(Records contained in a dataset)
▼

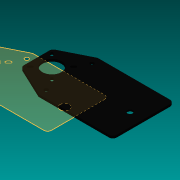
# Autodesk Inventor part: Y Slider
Saved by Autodesk Inventor 2016 (Build 200138000, 138)
## iProperties
Created: 2015-06-04
Part Number: Y Slider
Material: Aluminum 6061
Document SubType Name: Modeling
Designer: Sawaiz Syed
Density: 2.7 g/cm^3
Appearance: Anodized - Black
Author: Sawaiz Syed
Autodesk Inventor part; units mm, degrees
ref_plane "YZ Plane" through (0, 0, 0) normal (1, 0, 0) x (0, 1, 0)
ref_plane "XZ Plane" through (0, 0, 0) normal (0, 1, 0) x (-1, 0, 0)
ref_plane "XY Plane" through (0, 0, 0) normal (0, 0, 1) x (1, 0, 0)
sketch "Sketch1" plane through (0, 0, 0) normal (0, 0, 1) x (1, 0, 0)
  circle A0 centre (-2.41, 40.64) radius 12.5 projected
  line L0 (-16.506, 28.736) -> (-19.006, 26.236) projected
  arc A1 (-14.314, 26.544) -> (-16.506, 28.736) centre (-15.41, 27.64) ccw projected
  line L1 (-16.814, 24.044) -> (-14.314, 26.544) projected
  arc A2 (-19.006, 26.236) -> (-16.814, 24.044) centre (-17.91, 25.14) ccw projected
  line L2 (-19.006, 55.044) -> (-16.506, 52.544) projected
  arc A3 (-16.506, 52.544) -> (-14.314, 54.736) centre (-15.41, 53.64) ccw projected
  line L3 (-14.314, 54.736) -> (-16.814, 57.236) projected
  arc A4 (-16.814, 57.236) -> (-19.006, 55.044) centre (-17.91, 56.14) ccw projected
  line L4 (9.494, 26.544) -> (11.994, 24.044) projected
  arc A5 (11.686, 28.736) -> (9.494, 26.544) centre (10.59, 27.64) ccw projected
  line L5 (14.186, 26.236) -> (11.686, 28.736) projected
  arc A6 (11.994, 24.044) -> (14.186, 26.236) centre (13.09, 25.14) ccw projected
  line L6 (11.686, 52.544) -> (14.186, 55.044) projected
  arc A7 (9.494, 54.736) -> (11.686, 52.544) centre (10.59, 53.64) ccw projected
  line L7 (11.994, 57.236) -> (9.494, 54.736) projected
  arc A8 (14.186, 55.044) -> (11.994, 57.236) centre (13.09, 56.14) ccw projected
  circle A9 centre (20.14, 70.64) radius 2.5 projected
  circle A10 centre (20.14, 10.64) radius 2.5 projected
  circle A11 centre (100.14, 40.64) radius 3.57 projected
  line L8 (-22.41, 20.64) -> (-22.41, 60.64)
  line L9 (-22.41, 60.64) -> (17.59, 80.64)
  line L10 (17.59, 80.64) -> (117.59, 80.64)
  line L11 (117.59, 80.64) -> (117.59, 0.64)
  line L12 (117.59, 0.64) -> (20.14, 0.64)
  line L13 (20.14, 0.64) -> (-22.41, 20.64)
  point P0 (0, 0)
  dimension "d0" = 20
  dimension "d1" = 0
  dimension "d2" = 80
  dimension "d3" = 90
  dimension "d4" = 90
  dimension "d5" = 10
  dimension "d6" = 100
  dimension "d7" = 140
  dimension "d8" = 40
  dimension "d9" = 20
  constraints: 12 end point, 1 parallel, 1 vertical
  measures "d0" distance from line of L8 A0.centre
  measures "d1" horizontal distance of A10.centre L12.end
  measures "d2" distance of L10.end L11.end
  measures "d3" angle of L12 L11
  measures "d4" angle of L11 L10
  measures "d5" distance from line of L10 A9.centre
  measures "d6" distance of L9.end L10.end
  measures "d7" distance between parallel lines of L8 L11
  measures "d8" distance of L8.start L8.end
  measures "d9" horizontal distance of L8.start A0.centre
extrude "Extrusion1" add sketch "Sketch1" along normal blind 3
fillet "Fillet1" radius 5 6 edges at (117.59, 80.64, 1.5) (117.59, 0.64, 1.5) (17.59, 80.64, 1.5) (-22.41, 60.64, 1.5) (-22.41, 20.64, 1.5) (20.14, 0.64, 1.5)
sketch "Sketch2" plane through (0, 0, 0) normal (0, 0, -1) x (-1, 0, 0)
  circle A0 centre (2.41, 40.64) radius 12.5 projected
  circle A1 centre (-100.14, 40.64) radius 3.57 projected
  circle A2 centre (-20.14, 10.64) radius 2.5 projected
  circle A3 centre (-20.14, 70.64) radius 2.5 projected
  arc A4 (-11.686, 52.544) -> (-9.494, 54.736) centre (-10.59, 53.64) ccw projected
  line L0 (-11.686, 52.544) -> (-14.186, 55.044) projected
  arc A5 (-11.994, 57.236) -> (-14.186, 55.044) centre (-13.09, 56.14) ccw projected
  line L1 (-11.994, 57.236) -> (-9.494, 54.736) projected
  arc A6 (-9.494, 26.544) -> (-11.686, 28.736) centre (-10.59, 27.64) ccw projected
  line L2 (-9.494, 26.544) -> (-11.994, 24.044) projected
  arc A7 (-14.186, 26.236) -> (-11.994, 24.044) centre (-13.09, 25.14) ccw projected
  line L3 (-14.186, 26.236) -> (-11.686, 28.736) projected
  arc A8 (19.006, 55.044) -> (16.814, 57.236) centre (17.91, 56.14) ccw projected
  line L4 (19.006, 55.044) -> (16.506, 52.544) projected
  arc A9 (14.314, 54.736) -> (16.506, 52.544) centre (15.41, 53.64) ccw projected
  line L5 (14.314, 54.736) -> (16.814, 57.236) projected
  arc A10 (16.506, 28.736) -> (14.314, 26.544) centre (15.41, 27.64) ccw projected
  line L6 (16.506, 28.736) -> (19.006, 26.236) projected
  arc A11 (16.814, 24.044) -> (19.006, 26.236) centre (17.91, 25.14) ccw projected
  line L7 (16.814, 24.044) -> (14.314, 26.544) projected
  arc A12 (-21.2565, 0.64) -> (-19.1296, 1.1149) centre (-21.2565, 5.64) ccw projected
  line L8 (-19.1296, 1.1149) -> (19.5369, 19.2896) projected
  arc A13 (19.5369, 19.2896) -> (22.41, 23.8146) centre (17.41, 23.8146) ccw projected
  line L9 (22.41, 23.8146) -> (22.41, 57.5498) projected
  arc A14 (22.41, 57.5498) -> (19.6461, 62.022) centre (17.41, 57.5498) ccw projected
  line L10 (19.6461, 62.022) -> (-16.5343, 80.1121) projected
  arc A15 (-16.5343, 80.1121) -> (-18.7703, 80.64) centre (-18.7703, 75.64) ccw projected
  line L11 (-18.7703, 80.64) -> (-112.59, 80.64) projected
  arc A16 (-112.59, 80.64) -> (-117.59, 75.64) centre (-112.59, 75.64) ccw projected
  line L12 (-117.59, 75.64) -> (-117.59, 5.64) projected
  arc A17 (-117.59, 5.64) -> (-112.59, 0.64) centre (-112.59, 5.64) ccw projected
  line L13 (-112.59, 0.64) -> (-21.2565, 0.64) projected
  point P0 (0, 0)
  constraints: 1 coincident
hole "Hole1" at (100.14, 40.64, 0) direction (0, 0, 1) diameter 12 depth 1
sketch "Sketch3" plane through (0, 0, 0) normal (0, 0, -1) x (-1, 0, 0)
  circle A0 centre (-20.14, 10.64) radius 2.5 projected
  circle A1 centre (-100.14, 40.64) radius 6 projected
  circle A2 centre (2.41, 40.64) radius 12.5 projected
  circle A3 centre (-20.14, 10.64) radius 2.5 projected
  circle A4 centre (-20.14, 70.64) radius 2.5 projected
  arc A5 (-11.686, 52.544) -> (-9.494, 54.736) centre (-10.59, 53.64) ccw projected
  line L0 (-11.686, 52.544) -> (-14.186, 55.044) projected
  arc A6 (-11.994, 57.236) -> (-14.186, 55.044) centre (-13.09, 56.14) ccw projected
  line L1 (-11.994, 57.236) -> (-9.494, 54.736) projected
  arc A7 (-9.494, 26.544) -> (-11.686, 28.736) centre (-10.59, 27.64) ccw projected
  line L2 (-9.494, 26.544) -> (-11.994, 24.044) projected
  arc A8 (-14.186, 26.236) -> (-11.994, 24.044) centre (-13.09, 25.14) ccw projected
  line L3 (-14.186, 26.236) -> (-11.686, 28.736) projected
  arc A9 (19.006, 55.044) -> (16.814, 57.236) centre (17.91, 56.14) ccw projected
  line L4 (19.006, 55.044) -> (16.506, 52.544) projected
  arc A10 (14.314, 54.736) -> (16.506, 52.544) centre (15.41, 53.64) ccw projected
  line L5 (14.314, 54.736) -> (16.814, 57.236) projected
  arc A11 (16.506, 28.736) -> (14.314, 26.544) centre (15.41, 27.64) ccw projected
  line L6 (16.506, 28.736) -> (19.006, 26.236) projected
  arc A12 (16.814, 24.044) -> (19.006, 26.236) centre (17.91, 25.14) ccw projected
  line L7 (16.814, 24.044) -> (14.314, 26.544) projected
  arc A13 (-21.2565, 0.64) -> (-19.1296, 1.1149) centre (-21.2565, 5.64) ccw projected
  line L8 (-19.1296, 1.1149) -> (19.5369, 19.2896) projected
  arc A14 (19.5369, 19.2896) -> (22.41, 23.8146) centre (17.41, 23.8146) ccw projected
  line L9 (22.41, 23.8146) -> (22.41, 57.5498) projected
  arc A15 (22.41, 57.5498) -> (19.6461, 62.022) centre (17.41, 57.5498) ccw projected
  line L10 (19.6461, 62.022) -> (-16.5343, 80.1121) projected
  arc A16 (-16.5343, 80.1121) -> (-18.7703, 80.64) centre (-18.7703, 75.64) ccw projected
  line L11 (-18.7703, 80.64) -> (-112.59, 80.64) projected
  arc A17 (-112.59, 80.64) -> (-117.59, 75.64) centre (-112.59, 75.64) ccw projected
  line L12 (-117.59, 75.64) -> (-117.59, 5.64) projected
  arc A18 (-117.59, 5.64) -> (-112.59, 0.64) centre (-112.59, 5.64) ccw projected
  line L13 (-112.59, 0.64) -> (-21.2565, 0.64) projected
  circle A19 centre (-20.14, 70.64) radius 2.0572 projected
  circle A20 centre (-20.14, 10.64) radius 2.0572 projected
  point P0 (0, 0)
  constraints: 2 coincident
hole "Hole2" at (20.14, 10.64, 0) at (20.14, 70.64, 0) direction (0, 0, 1) diameter 8.1 depth 1
body "Solid1"

▲

Exercise description
Return only what runs from the line containing "circle A19 centre" to the last line of the records above, both ends included, exactly as written.

Written answer
  circle A19 centre (-20.14, 70.64) radius 2.0572 projected
  circle A20 centre (-20.14, 10.64) radius 2.0572 projected
  point P0 (0, 0)
  constraints: 2 coincident
hole "Hole2" at (20.14, 10.64, 0) at (20.14, 70.64, 0) direction (0, 0, 1) diameter 8.1 depth 1
body "Solid1"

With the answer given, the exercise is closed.